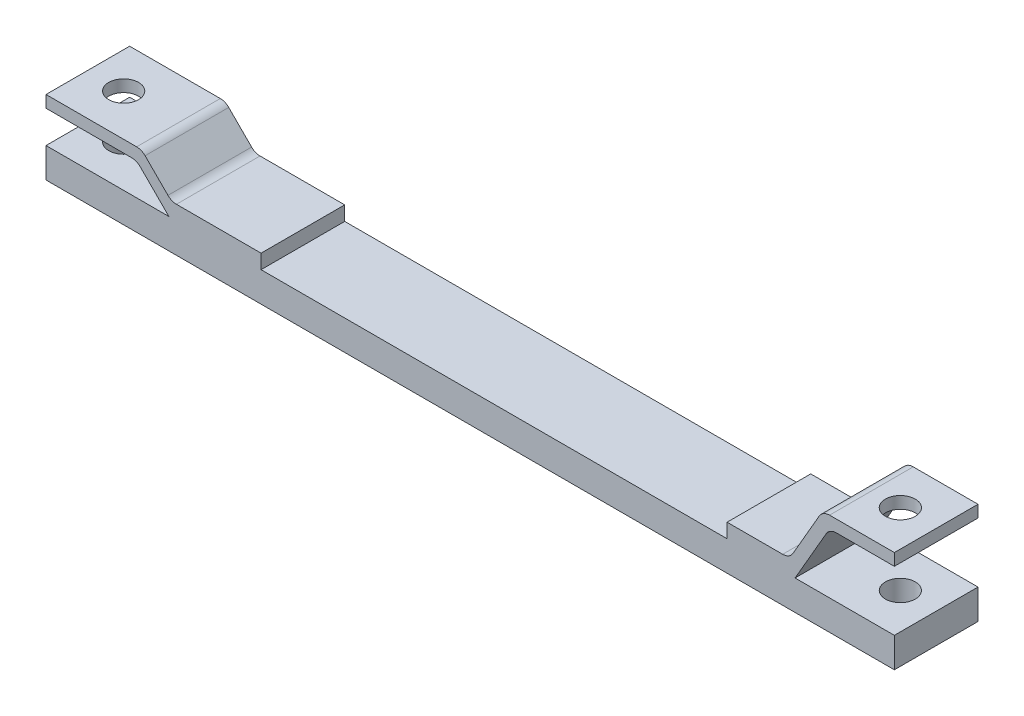
from build123d import *

# Parameters (mm, degrees)
SKETCH1_W           = 710
SKETCH1_H           = 25
BOSS_EXTRUDE1_DEPTH = 70
FILLET1_R           = 10
SKETCH2_R           = 12.5
CUT_EXTRUDE1_DEPTH  = 100


with BuildPart() as part:
    # Sketch1 → Boss-Extrude1 (new body)
    with BuildSketch(Plane.XY):
        Polygon((-254.142135624, 14.5), (-252.142135624, 12.5), (-175, 12.5), (-175, 24.5), (-250, 24.5), (-275, 49.5), (-355, 49.5), (-355, 39.5), (-279.142135624, 39.5), align=None)
        Rectangle(SKETCH1_W, SKETCH1_H)
        Polygon((215, 24.5), (215, 12.5), (271.905989232, 12.5), (273.060689771, 14.5), (300.773502692, 62.5), (355, 62.5), (355, 72.5), (295, 72.5), (267.287187079, 24.5), align=None)
    extrude(amount=BOSS_EXTRUDE1_DEPTH)

    # Fillet1
    fillet1_edges = [part.edges().sort_by_distance(p)[0] for p in [
        (-279.142135624, 39.5, 35),
        (-275, 49.5, 35),
        (-250, 24.5, 35),
        (267.287187079, 24.5, 35),
        (295, 72.5, 35),
        (300.773502692, 62.5, 35),
    ]]
    fillet(fillet1_edges, radius=FILLET1_R)

    # Sketch2 → Cut-Extrude1 (cut)
    with BuildSketch(Plane(origin=(0, 72.5, 0), x_dir=(1, 0, 0), z_dir=(0, 1, 0))):
        with Locations(Location((325, -35, 0), (0, 0, 180))):
            Circle(SKETCH2_R)
        with Locations(Location((-325, -35, 0), (0, 0, 180))):
            Circle(SKETCH2_R)
    extrude(amount=-CUT_EXTRUDE1_DEPTH, mode=Mode.SUBTRACT)


solid = part.part

▶ [Exercise prompt]
Output only the lines running from the top of the data above to the line with "with BuildPart() as", inclusive, word for word and without pictures.

▶ [Output of the exercise]
from build123d import *

# Parameters (mm, degrees)
SKETCH1_W           = 710
SKETCH1_H           = 25
BOSS_EXTRUDE1_DEPTH = 70
FILLET1_R           = 10
SKETCH2_R           = 12.5
CUT_EXTRUDE1_DEPTH  = 100


with BuildPart() as part:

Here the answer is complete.